What to do — In the records below, begin at the line containing "Autodesk Fusion 360 part; units mm, degrees" and end at the line containing "arc A2 (-0.8908, 14.8724)"; quote every line in that span exactly, including both boundary lines, and no others.

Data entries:
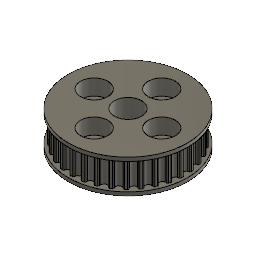
grt_cardan_joint_pulley_33T_20190328 (Autodesk Fusion 360 design; units mm, degrees)
Autodesk Fusion 360 part; units mm, degrees
(part 1 of 2)
sketch "Skizze1" plane through (0, 0, 0) normal (0, 1, 0) x (1, 0, 0)
  line L0 (0, 16.3863) -> (0, 0) construction
  arc A0 (-0.7739, 14.4848) -> (0, 13.9863) centre (0, 14.8363) ccw
  arc A1 (-0.8908, 14.8724) -> (-0.7739, 14.4848) centre (0.61, 15.1135) ccw
  arc A2 (-0.8908, 14.8724) -> (-1.1567, 15.082) centre (-1.1376, 14.8328) ccw
  arc A3 (0, 16.0053) -> (-1.5214, 15.9329) centre (0, 0) ccw construction
  arc A4 (-1.1567, 15.082) -> (-1.4378, 15.0578) centre (0, 0) ccw
  arc A5 (0, 16.3863) -> (-1.5576, 16.3121) centre (0, 0) ccw construction
  line L1 (0, 0) -> (-1.5576, 16.3121) construction
  line L2 (-1.4378, 15.0578) -> (0, 0)
  line L3 (0, 13.9863) -> (0, 0)
  dimension "d2" = 1.14
  dimension "d4" = 0.85
  dimension "d5" = 1.52
  dimension "d6" = 0.25
  dimension "d7" = 0.61
  dimension "d8" = 0.381
  dimension "d12" = 1.26
  dimension "d19" = 5.455
  dimension "d24" = 2.4
  dimension "d131" = 13.9863
  dimension "d133" = 14.6489
  measures "d4" radius of A0
  measures "d5" radius of A1
  measures "d6" radius of A2
  measures "d7" distance of L0
  measures "d19" angle of L0 L1
  measures "d131" distance of L0.end
  measures "d133" distance of L0.end
extrude "Extrusion1" add sketch "Skizze1" along normal blind 7 makes body 1
mirror "Spiegeln1" about plane through (0, 0, -13.9863) normal (1, 0, 0) of bodies 1 makes body 2
combine "Kombinieren1" operation add target body 1 tool bodies 2
pattern_circular "C-Anordnung1" count 33 over 360 about axis through (0, 1.75, 0) along (0, 1, 0) of bodies 1 makes body 3 at (-0.9586, 2.3333, -10.0386) makes body 4 at (-4.2787, 0, -8.8212) makes body 5 at (-5.8708, 0, -7.852) makes body 6 at (-7.2507, 0, -6.5991) makes body 7 at (-8.3685, 0, -5.1076) makes body 8 at (-9.1839, 0, -3.4316) makes body 9 at (-9.6674, 0, -1.6315) makes body 10 at (-9.8014, 0, 0.2276) makes body 11 at (-9.5812, 0, 2.0784) makes body 12 at (-9.0148, 0, 3.8541) makes body 13 at (-8.1225, 0, 5.4905) makes body 14 at (-6.9366, 0, 6.9285) makes body 15 at (-5.5, 0, 8.116) makes body 16 at (-3.8647, 0, 9.0102) makes body 17 at (-2.0896, 0, 9.5788) makes body 18 at (-0.2391, 0, 9.8012) makes body 19 at (1.6201, 0, 9.6693) makes body 20 at (3.4208, 0, 9.1879) makes body 21 at (5.0978, 0, 8.3745) makes body 22 at (6.5906, 0, 7.2584) makes body 23 at (7.8451, 0, 5.88) makes body 24 at (8.8161, 0, 4.289) makes body 25 at (9.4685, 0, 2.543) makes body 26 at (9.7787, 0, 0.7051) makes body 27 at (9.7354, 0, -1.1582) makes body 28 at (9.3403, 0, -2.9797) makes body 29 at (8.6076, 0, -4.6936) makes body 30 at (7.5638, 0, -6.2377) makes body 31 at (6.2466, 0, -7.5565) makes body 32 at (4.7036, 0, -8.6021) makes body 33 at (2.9907, 0, -9.3368) makes body 34 at (0.9586, 2.3333, -10.0386)
combine "Kombinieren2" operation add target body 1 tool bodies 21 20 19 3 18 17 8 15 7 12 9 11 10 16 6 5 14 4 13 31 27 22 23 29 25 24 26 28 30 33 32
sketch "Skizze2" plane through (0, 7, 0) normal (0, 1, 0) x (-1, 0, 0)
  arc A0 (-1.4378, -15.0578) -> (-1.1567, -15.082) centre (0, 0) ccw
  arc A1 (-1.1567, -15.082) -> (-0.8908, -14.8724) centre (-1.1376, -14.8328) ccw
  arc A2 (-0.7739, -14.4848) -> (-0.8908, -14.8724) centre (0.61, -15.1135) ccw
  arc A3 (0.7739, -14.4848) -> (-0.7739, -14.4848) centre (0, -14.8363) ccw
  arc A4 (0.8908, -14.8724) -> (0.7739, -14.4848) centre (-0.61, -15.1135) ccw
  arc A5 (0.8908, -14.8724) -> (1.1567, -15.082) centre (1.1376, -14.8328) ccw
  arc A6 (1.1567, -15.082) -> (1.7185, -15.0284) centre (0, 0) ccw
  arc A7 (1.7185, -15.0284) -> (1.94, -14.7722) centre (1.6901, -14.78) ccw
  arc A8 (1.9814, -14.3695) -> (1.94, -14.7722) centre (3.4592, -14.7249) ccw
  arc A9 (3.5012, -14.0765) -> (1.9814, -14.3695) centre (2.8078, -14.5682) ccw
  arc A10 (3.6893, -14.4351) -> (3.5012, -14.0765) centre (2.2613, -14.9558) ccw
  arc A11 (3.6893, -14.4351) -> (3.9901, -14.5906) centre (3.9242, -14.3494) ccw
  arc A12 (3.9901, -14.5906) -> (4.5316, -14.4316) centre (0, 0) ccw
  arc A13 (4.5316, -14.4316) -> (4.7006, -14.1381) centre (4.4567, -14.1931) ccw
  arc A14 (4.665, -13.7348) -> (4.7006, -14.1381) centre (6.1834, -13.8041) ccw
  arc A15 (6.1019, -13.1596) -> (4.665, -13.7348) centre (5.5141, -13.7736) ccw
  arc A16 (6.3545, -13.476) -> (6.1019, -13.1596) centre (5.0508, -14.2576) ccw
  arc A17 (6.3545, -13.476) -> (6.6793, -13.5718) centre (6.5689, -13.3475) ccw
  arc A18 (6.6793, -13.5718) -> (7.1809, -13.3132) centre (0, 0) ccw
  arc A19 (7.1809, -13.3132) -> (7.2913, -12.9931) centre (7.0622, -13.0932) ccw
  arc A20 (7.18, -12.6037) -> (7.2913, -12.9931) centre (8.6841, -12.3845) ccw
  arc A21 (8.4821, -11.767) -> (7.18, -12.6037) centre (8.0211, -12.4811) ccw
  arc A22 (8.79, -12.0299) -> (8.4821, -11.767) centre (7.6578, -13.044) ccw
  arc A23 (8.79, -12.0299) -> (9.1271, -12.0625) centre (8.9762, -11.8631) ccw
  arc A24 (9.1271, -12.0625) -> (9.5706, -11.7136) centre (0, 0) ccw
  arc A25 (9.5706, -11.7136) -> (9.6185, -11.3784) centre (9.4125, -11.52) ccw
  arc A26 (9.4355, -11.0172) -> (9.6185, -11.3784) centre (10.871, -10.5172) ccw
  arc A27 (10.5557, -9.9491) -> (9.4355, -11.0172) centre (10.2382, -10.7376) ccw
  arc A28 (10.9078, -10.149) -> (10.5557, -9.9491) centre (9.988, -11.3591) ccw
  arc A29 (10.9078, -10.149) -> (11.245, -10.1172) centre (11.0591, -9.95) ccw
  arc A30 (11.245, -10.1172) -> (11.6145, -9.6907) centre (0, 0) ccw
  arc A31 (11.6145, -9.6907) -> (11.598, -9.3524) centre (11.4226, -9.5305) ccw
  arc A32 (11.35, -9.0324) -> (11.598, -9.3524) centre (12.6649, -8.2698) ccw
  arc A33 (12.2478, -7.7716) -> (11.35, -9.0324) centre (12.0853, -8.6059) ccw
  arc A34 (12.6314, -7.9013) -> (12.2478, -7.7716) centre (11.9572, -9.2636) ccw
  arc A35 (12.6314, -7.9013) -> (12.9564, -7.8062) centre (12.7423, -7.6772) ccw
  arc A36 (12.9564, -7.8062) -> (13.2386, -7.3175) centre (0, 0) ccw
  arc A37 (13.2386, -7.3175) -> (13.1584, -6.9885) centre (13.0198, -7.1966) ccw
  arc A38 (12.8543, -6.7211) -> (13.1584, -6.9885) centre (14.0011, -5.7235) ccw
  arc A39 (13.4973, -5.3132) -> (12.8543, -6.7211) centre (13.4956, -6.1632) ccw
  arc A40 (13.8985, -5.368) -> (13.4973, -5.3132) centre (13.4943, -6.8332) ccw
  arc A41 (13.8985, -5.368) -> (14.1996, -5.2131) centre (13.9649, -5.127) ccw
  arc A42 (14.1996, -5.2131) -> (14.3842, -4.6798) centre (0, 0) ccw
  arc A43 (14.3842, -4.6798) -> (14.2432, -4.372) centre (14.1465, -4.6025) ccw
  arc A44 (13.894, -4.167) -> (14.2432, -4.372) centre (14.8313, -2.9703) ccw
  arc A45 (14.2589, -2.6628) -> (13.894, -4.167) centre (14.4181, -3.4978) ccw
  arc A46 (14.6632, -2.6407) -> (14.2589, -2.6628) centre (14.5436, -4.1559) ccw
  arc A47 (14.6632, -2.6407) -> (14.9296, -2.4316) centre (14.6829, -2.3914) ccw
  arc A48 (14.9296, -2.4316) -> (15.0099, -1.873) centre (0, 0) ccw
  arc A49 (15.0099, -1.873) -> (14.8132, -1.5974) centre (14.7618, -1.8421) ccw
  arc A50 (14.4315, -1.4622) -> (14.8132, -1.5974) centre (15.1254, -0.1098) ccw
  arc A51 (14.5052, 0.0838) -> (14.4315, -1.4622) centre (14.8195, -0.7059) ccw
  arc A52 (14.898, 0.1821) -> (14.5052, 0.0838) centre (15.0673, -1.3284) ccw
  arc A53 (14.898, 0.1821) -> (15.12, 0.4378) centre (14.8701, 0.4305) ccw
  arc A54 (15.12, 0.4378) -> (15.0932, 1.0015) centre (0, 0) ccw
  arc A55 (15.0932, 1.0015) -> (14.8478, 1.2349) centre (14.8437, 0.9849) ccw
  arc A56 (14.4475, 1.2954) -> (14.8478, 1.2349) centre (14.8728, 2.7547) ccw
  arc A57 (14.2272, 2.8274) -> (14.4475, 1.2954) centre (14.6853, 2.1114) ccw
  arc A58 (14.5943, 2.9983) -> (14.2272, 2.8274) centre (15.0464, 1.5471) ccw
  arc A59 (14.5943, 2.9983) -> (14.7639, 3.2913) centre (14.5199, 3.2369) ccw
  arc A60 (14.7639, 3.2913) -> (14.6309, 3.8398) centre (0, 0) ccw
  arc A61 (14.6309, 3.8398) -> (14.3458, 4.0225) centre (14.3891, 3.7763) ccw
  arc A62 (13.9412, 4.0062) -> (14.3458, 4.0225) centre (14.0827, 5.5196) ccw
  arc A63 (13.435, 5.4688) -> (13.9412, 4.0062) centre (14.0204, 4.8525) ccw
  arc A64 (13.7631, 5.7061) -> (13.435, 5.4688) centre (14.4818, 4.3667) ccw
  arc A65 (13.7631, 5.7061) -> (13.8742, 6.026) centre (13.6449, 5.9264) ccw
  arc A66 (13.8742, 6.026) -> (13.6398, 6.5393) centre (0, 0) ccw
  arc A67 (13.6398, 6.5393) -> (13.3253, 6.6648) centre (13.4144, 6.4312) ccw
  arc A68 (12.9311, 6.5722) -> (13.3253, 6.6648) centre (12.7836, 8.085) ccw
  arc A69 (12.1572, 7.9126) -> (12.9311, 6.5722) centre (12.8486, 7.4182) ccw
  arc A70 (12.4345, 8.2076) -> (12.1572, 7.9126) centre (13.3936, 7.0285) ccw
  arc A71 (12.4345, 8.2076) -> (12.4831, 8.5428) centre (12.2768, 8.4016) ccw
  arc A72 (12.4831, 8.5428) -> (12.1557, 9.0024) centre (0, 0) ccw
  arc A73 (12.1557, 9.0024) -> (11.8232, 9.0662) centre (11.9548, 8.8537) ccw
  arc A74 (11.4536, 8.9006) -> (11.8232, 9.0662) centre (11.0225, 10.3582) ccw
  arc A75 (10.4401, 10.0704) -> (11.4536, 8.9006) centre (11.2126, 9.7157) ccw
  arc A76 (10.6565, 10.4126) -> (10.4401, 10.0704) centre (11.8215, 9.4362) ccw
  arc A77 (10.6565, 10.4126) -> (10.6408, 10.7508) centre (10.4649, 10.5731) ccw
  arc A78 (10.6408, 10.7508) -> (10.2323, 11.1403) centre (0, 0) ccw
  arc A79 (10.2323, 11.1403) -> (9.8937, 11.1399) centre (10.0632, 10.9561) ccw
  arc A80 (9.5622, 10.9074) -> (9.8937, 11.1399) centre (8.863, 12.2571) ccw
  arc A81 (8.3456, 11.8642) -> (9.5622, 10.9074) centre (9.1712, 11.6622) ccw
  arc A82 (8.4933, 12.2412) -> (8.3456, 11.8642) centre (9.822, 11.5029) ccw
  arc A83 (8.4933, 12.2412) -> (8.4139, 12.5703) centre (8.2748, 12.3626) ccw
  arc A84 (8.4139, 12.5703) -> (7.9391, 12.8754) centre (0, 0) ccw
  arc A85 (7.9391, 12.8754) -> (7.6067, 12.811) centre (7.8079, 12.6626) ccw
  arc A86 (7.3252, 12.52) -> (7.6067, 12.811) centre (6.3832, 13.7129) ccw
  arc A87 (5.9494, 13.2292) -> (7.3252, 12.52) centre (6.7984, 13.1871) ccw
  arc A88 (6.0232, 13.6273) -> (5.9494, 13.2292) centre (7.4676, 13.1539) ccw
  arc A89 (6.0232, 13.6273) -> (5.8829, 13.9355) centre (5.7856, 13.7052) ccw
  arc A90 (5.8829, 13.9355) -> (5.359, 14.1452) centre (0, 0) ccw
  arc A91 (5.359, 14.1452) -> (5.0447, 14.019) centre (5.2704, 13.9114) ccw
  arc A92 (4.8234, 13.68) -> (5.0447, 14.019) centre (3.6727, 14.6731) ccw
  arc A93 (3.3383, 14.1161) -> (4.8234, 13.68) centre (4.1799, 14.2354) ccw
  arc A94 (3.3354, 14.5209) -> (3.3383, 14.1161) centre (4.8432, 14.3294) ccw
  arc A95 (3.3354, 14.5209) -> (3.1392, 14.797) centre (3.0874, 14.5524) ccw
  arc A96 (3.1392, 14.797) -> (2.5851, 14.9038) centre (0, 0) ccw
  arc A97 (2.5851, 14.9038) -> (2.3004, 14.7204) centre (2.5424, 14.6575) ccw
  arc A98 (2.1472, 14.3456) -> (2.3004, 14.7204) centre (0.8294, 15.103) ccw
  arc A99 (0.6065, 14.4927) -> (2.1472, 14.3456) centre (1.4103, 14.7692) ccw
  arc A100 (0.527, 14.8898) -> (0.6065, 14.4927) centre (2.0439, 14.987) ccw
  arc A101 (0.527, 14.8898) -> (0.2822, 15.1237) centre (0.2775, 14.8738) ccw
  arc A102 (0.2822, 15.1237) -> (-0.2822, 15.1237) centre (0, 0) ccw
  arc A103 (-0.2822, 15.1237) -> (-0.527, 14.8898) centre (-0.2775, 14.8738) ccw
  arc A104 (-0.6065, 14.4927) -> (-0.527, 14.8898) centre (-2.0439, 14.987) ccw
  arc A105 (-2.1472, 14.3456) -> (-0.6065, 14.4927) centre (-1.4103, 14.7692) ccw
  arc A106 (-2.3004, 14.7204) -> (-2.1472, 14.3456) centre (-0.8294, 15.103) ccw
  arc A107 (-2.3004, 14.7204) -> (-2.5851, 14.9038) centre (-2.5424, 14.6575) ccw
  arc A108 (-2.5851, 14.9038) -> (-3.1392, 14.797) centre (0, 0) ccw
  arc A109 (-3.1392, 14.797) -> (-3.3354, 14.5209) centre (-3.0874, 14.5524) ccw
  arc A110 (-3.3383, 14.1161) -> (-3.3354, 14.5209) centre (-4.8432, 14.3294) ccw
  arc A111 (-4.8234, 13.68) -> (-3.3383, 14.1161) centre (-4.1799, 14.2354) ccw
  arc A112 (-5.0447, 14.019) -> (-4.8234, 13.68) centre (-3.6727, 14.6731) ccw
  arc A113 (-5.0447, 14.019) -> (-5.359, 14.1452) centre (-5.2704, 13.9114) ccw
  arc A114 (-5.359, 14.1452) -> (-5.8829, 13.9355) centre (0, 0) ccw
  arc A115 (-5.8829, 13.9355) -> (-6.0232, 13.6273) centre (-5.7856, 13.7052) ccw
  arc A116 (-5.9494, 13.2292) -> (-6.0232, 13.6273) centre (-7.4676, 13.1539) ccw
  arc A117 (-7.3252, 12.52) -> (-5.9494, 13.2292) centre (-6.7984, 13.1871) ccw
  arc A118 (-7.6067, 12.811) -> (-7.3252, 12.52) centre (-6.3832, 13.7129) ccw
  arc A119 (-7.6067, 12.811) -> (-7.9391, 12.8754) centre (-7.8079, 12.6626) ccw
  arc A120 (-7.9391, 12.8754) -> (-8.4139, 12.5703) centre (0, 0) ccw
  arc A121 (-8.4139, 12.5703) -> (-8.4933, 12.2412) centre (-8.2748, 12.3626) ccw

Solution to this task —
Autodesk Fusion 360 part; units mm, degrees
(part 1 of 2)
sketch "Skizze1" plane through (0, 0, 0) normal (0, 1, 0) x (1, 0, 0)
  line L0 (0, 16.3863) -> (0, 0) construction
  arc A0 (-0.7739, 14.4848) -> (0, 13.9863) centre (0, 14.8363) ccw
  arc A1 (-0.8908, 14.8724) -> (-0.7739, 14.4848) centre (0.61, 15.1135) ccw
  arc A2 (-0.8908, 14.8724) -> (-1.1567, 15.082) centre (-1.1376, 14.8328) ccw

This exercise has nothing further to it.